If the BJP can have ideologically diverse alliances, why can’t the Shiv Sena opt for the same, he asks. And in a speech addressed to his party workers on Friday, he remarked that the BJP and his detractors in the Sena flaunt ideology in Maharashtra with the obvious motive to oust him.

‘If not Uddhav, then who’

The Sena rebels somehow don’t have an answer to the question that the present crisis poses about the choice of the next CM. Sena MP and Uddhav loyalist Sanjay Raut has been posing this question to the rebels. The question that is being asked is whether Shinde himself, or Fadnavis, or another former Sena chief minister Narayan Rane, or somebody else would come forward to fill the void created by shunting out Uddhav as per the demands being made by the rebels. Their idea is to change the ambience of the state by bringing together the saffron flags that both Sena and the BJP cadres love to wave to ensure their sway over the politics of the state.

Also read: Will resign if rebel MLAs ask me in person: Uddhav

But behind this grandstanding by Sena rebels, ostensibly for the sake of Hindutva, can well be the lurking fear of the Centre’s law enforcement agencies catching up with them. 

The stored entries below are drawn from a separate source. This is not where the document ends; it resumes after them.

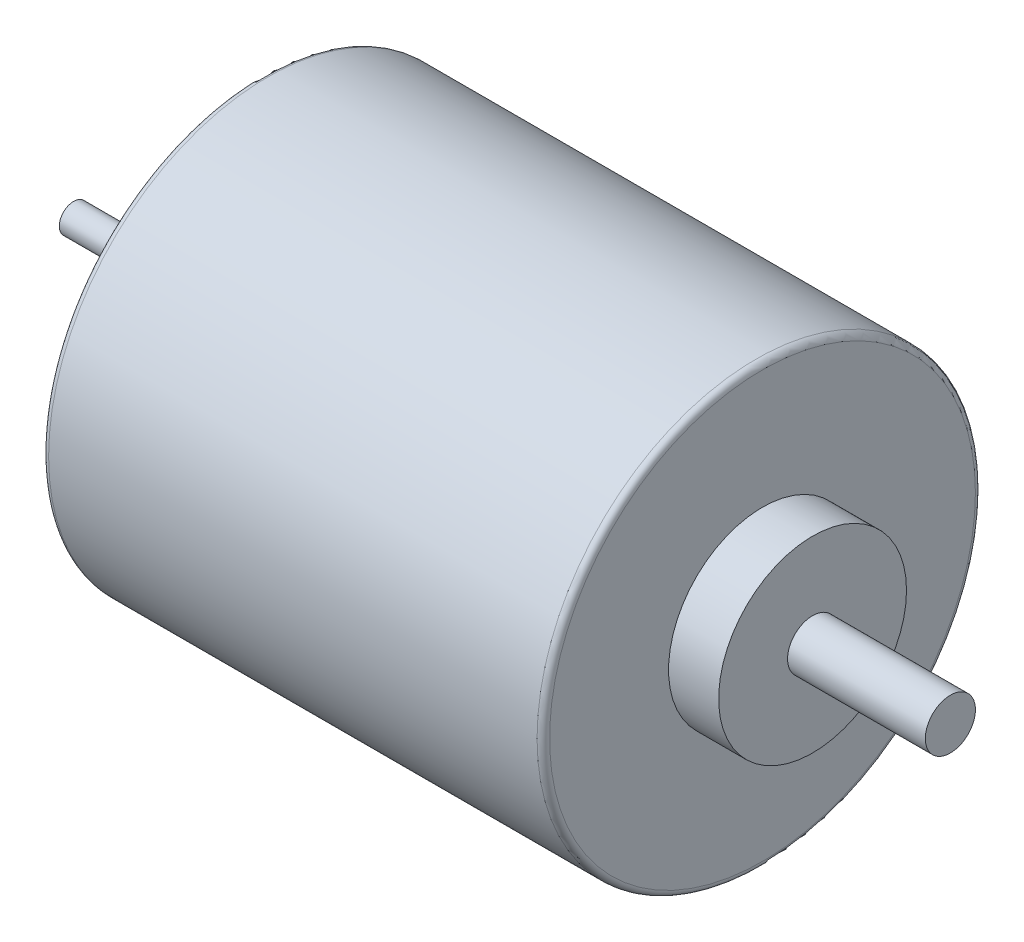
from build123d import *

# Parameters (mm, degrees)
CROQUIS1_R              = 17.5
SALIENTE_EXTRUIR1_DEPTH = 40
CROQUIS3_R              = 2
SALIENTE_EXTRUIR2_DEPTH = 15
CROQUIS4_R              = 7.5
SALIENTE_EXTRUIR3_DEPTH = 4
CROQUIS5_R              = 1.145
SALIENTE_EXTRUIR4_DEPTH = 15
REDONDEO1_R             = 0.5
REDONDEO2_R             = 0.5


with BuildPart() as part:
    # Croquis1 → Saliente-Extruir1 (new body)
    with BuildSketch(Plane(origin=(0, 0, 0), x_dir=(0, 0, -1), z_dir=(1, 0, 0))):
        Circle(CROQUIS1_R)
    extrude(amount=SALIENTE_EXTRUIR1_DEPTH)

    # Redondeo1
    redondeo1_edges = [part.edges().sort_by_distance(p)[0] for p in [
        (0, 0, 17.5),
    ]]
    fillet(redondeo1_edges, radius=REDONDEO1_R)

    # Redondeo2
    redondeo2_edges = [part.edges().sort_by_distance(p)[0] for p in [
        (40, 0, 17.5),
    ]]
    fillet(redondeo2_edges, radius=REDONDEO2_R)


with BuildPart() as body_2:
    # Croquis3 → Saliente-Extruir2 (new body)
    with BuildSketch(Plane(origin=(40, 0, 0), x_dir=(0, 0, -1), z_dir=(1, 0, 0))):
        Circle(CROQUIS3_R)
    extrude(amount=SALIENTE_EXTRUIR2_DEPTH)


with BuildPart() as body_3:
    # Croquis4 → Saliente-Extruir3 (new body)
    with BuildSketch(Plane(origin=(40, 0, 0), x_dir=(0, 0, -1), z_dir=(1, 0, 0))):
        Circle(CROQUIS4_R)
    extrude(amount=SALIENTE_EXTRUIR3_DEPTH)


with BuildPart() as body_4:
    # Croquis5 → Saliente-Extruir4 (new body)
    with BuildSketch(Plane.ZY):
        Circle(CROQUIS5_R)
    extrude(amount=SALIENTE_EXTRUIR4_DEPTH)


solid = Compound([part.part, body_2.part, body_3.part, body_4.part])
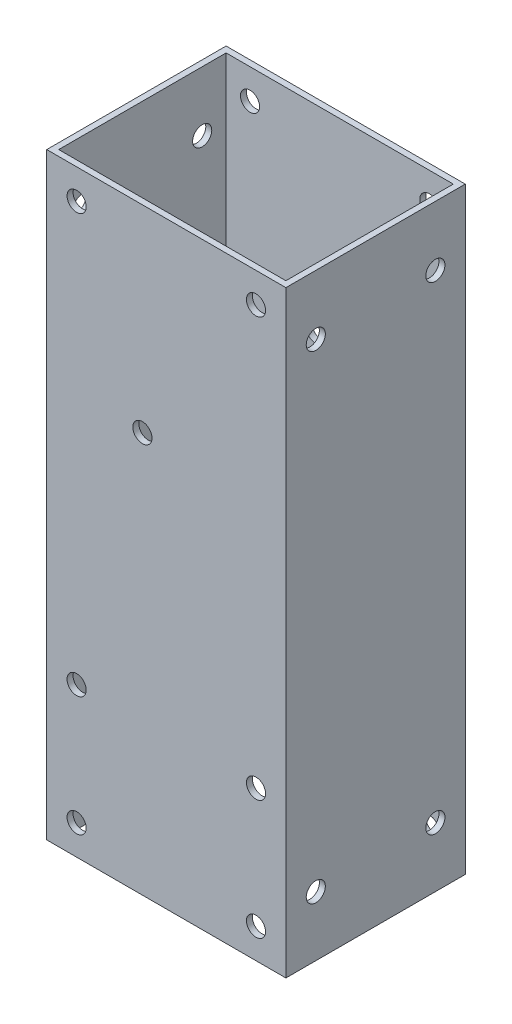
from build123d import *

# Parameters (mm, degrees)
SKETCH_1_W          = 40
SKETCH_1_H          = 30
SKETCH_1_W_2        = 38
SKETCH_1_H_2        = 28
EXTRUDE_1_DEPTH     = 100
SKETCH_2_R          = 1.6
CUT_EXTRUDE_1_DEPTH = 112.803398875
SKETCH_3_R          = 1.6
CUT_EXTRUDE_2_DEPTH = 112.803398875
SKETCH_4_R          = 1.6
CUT_EXTRUDE_3_DEPTH = 112.803398875


with BuildPart() as part:
    # 草图1 → 拉伸-薄壁1 (new body)
    with BuildSketch(Plane(origin=(0, 0, 0), x_dir=(1, 0, 0), z_dir=(0, 1, 0))):
        with Locations((20, 15)):
            Rectangle(SKETCH_1_W, SKETCH_1_H)
        with Locations((20, 15)):
            Rectangle(SKETCH_1_W_2, SKETCH_1_H_2, mode=Mode.SUBTRACT)
    extrude(amount=EXTRUDE_1_DEPTH)

    # 草图2 → 切除-拉伸1 (cut, through all)
    with BuildSketch(Plane.XY):
        with Locations((5, 95)):
            Circle(SKETCH_2_R)
        with Locations((35, 95)):
            Circle(SKETCH_2_R)
        with Locations((35, 25)):
            Circle(SKETCH_2_R)
        with Locations((5, 25)):
            Circle(SKETCH_2_R)
        with Locations((5, 5)):
            Circle(SKETCH_2_R)
        with Locations((35, 5)):
            Circle(SKETCH_2_R)
    extrude(amount=-CUT_EXTRUDE_1_DEPTH, mode=Mode.SUBTRACT)

    # 草图3 → 切除-拉伸2 (cut, through all)
    with BuildSketch(Plane.ZY):
        with Locations((-25, 90)):
            Circle(SKETCH_3_R)
        with Locations((-5, 90)):
            Circle(SKETCH_3_R)
        with Locations((-25, 10)):
            Circle(SKETCH_3_R)
        with Locations((-5, 10)):
            Circle(SKETCH_3_R)
    extrude(amount=-CUT_EXTRUDE_2_DEPTH, mode=Mode.SUBTRACT)

    # 草图4 → 切除-拉伸3 (cut, through all)
    with BuildSketch(Plane.XY):
        with Locations((16, 67)):
            Circle(SKETCH_4_R)
    extrude(amount=-CUT_EXTRUDE_3_DEPTH, mode=Mode.SUBTRACT)


solid = part.part
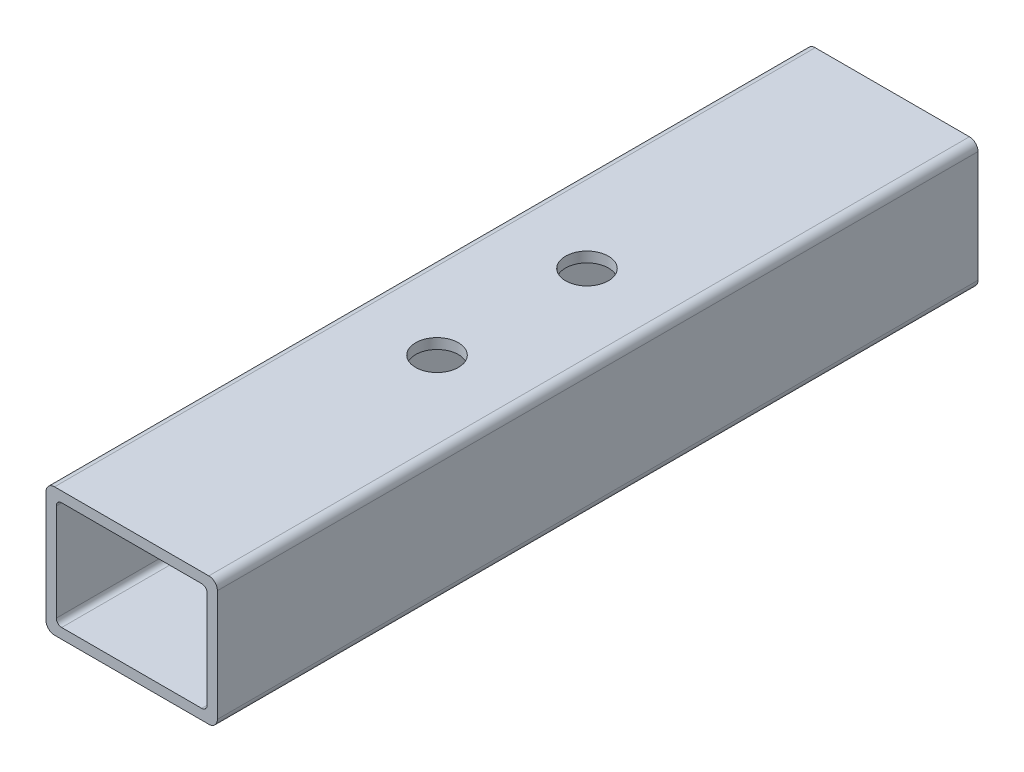
from build123d import *

# Parameters (mm, degrees)
BOSS_EXTRUDE1_DEPTH = 225.425
SKETCH9_R           = 6.35
CUT_EXTRUDE2_DEPTH  = 3.048


with BuildPart() as part:
    # Sketch4 → Boss-Extrude1 (new body)
    with BuildSketch(Plane.XY):
        with BuildLine():
            Line((25.4, -16.51), (25.4, 16.51))
            ThreePointArc((25.4, 16.51), (24.656051224, 18.306051224), (22.86, 19.05))
            Line((22.86, 19.05), (-22.86, 19.05))
            ThreePointArc((-22.86, 19.05), (-24.656051224, 18.306051224), (-25.4, 16.51))
            Line((-25.4, 16.51), (-25.4, -16.51))
            ThreePointArc((-25.4, -16.51), (-24.656051224, -18.306051224), (-22.86, -19.05))
            Line((-22.86, -19.05), (22.86, -19.05))
            ThreePointArc((22.86, -19.05), (24.656051224, -18.306051224), (25.4, -16.51))
        make_face()
        with BuildLine():
            Line((22.352, 14.4018), (22.352, -14.4018))
            ThreePointArc((22.352, -14.4018), (21.883312271, -15.533312271), (20.7518, -16.002))
            Line((20.7518, -16.002), (-20.7518, -16.002))
            ThreePointArc((-20.7518, -16.002), (-21.883312271, -15.533312271), (-22.352, -14.4018))
            Line((-22.352, -14.4018), (-22.352, 14.4018))
            ThreePointArc((-22.352, 14.4018), (-21.883312271, 15.533312271), (-20.7518, 16.002))
            Line((-20.7518, 16.002), (20.7518, 16.002))
            ThreePointArc((20.7518, 16.002), (21.883312271, 15.533312271), (22.352, 14.4018))
        make_face(mode=Mode.SUBTRACT)
    extrude(amount=BOSS_EXTRUDE1_DEPTH)

    # Sketch9 → Cut-Extrude2 (cut)
    with BuildSketch(Plane(origin=(0, 19.05, 0), x_dir=(1, 0, 0), z_dir=(0, 1, 0))):
        with Locations(Location((0, -134.9375, 0), (0, 0, 270))):
            Circle(SKETCH9_R)
        with Locations(Location((0, -90.4875, 0), (0, 0, 270))):
            Circle(SKETCH9_R)
    extrude(amount=-CUT_EXTRUDE2_DEPTH, mode=Mode.SUBTRACT)


solid = part.part

One of the ministers in Uddhav’s team is in jail and so is the case with another peer who earlier held a cabinet post in the state. Observers point out that once the former Congress minister in the state, Harshwardhan Patil, was asked what he gained by joining the BJP and he shot back, “At least I can have sound sleep at night without fear of the ED (Enforcement Directorate) or other agencies knocking at my doors.”

Some of the Sena rebels may well have similar compulsions or thoughts despite the fact that Patil subsequently lost the polls, point out supporters of the current coalition led by Uddhav. They also point to the public support that the Chief Minister has been getting ever since the current crisis came to afflict Maharashtra.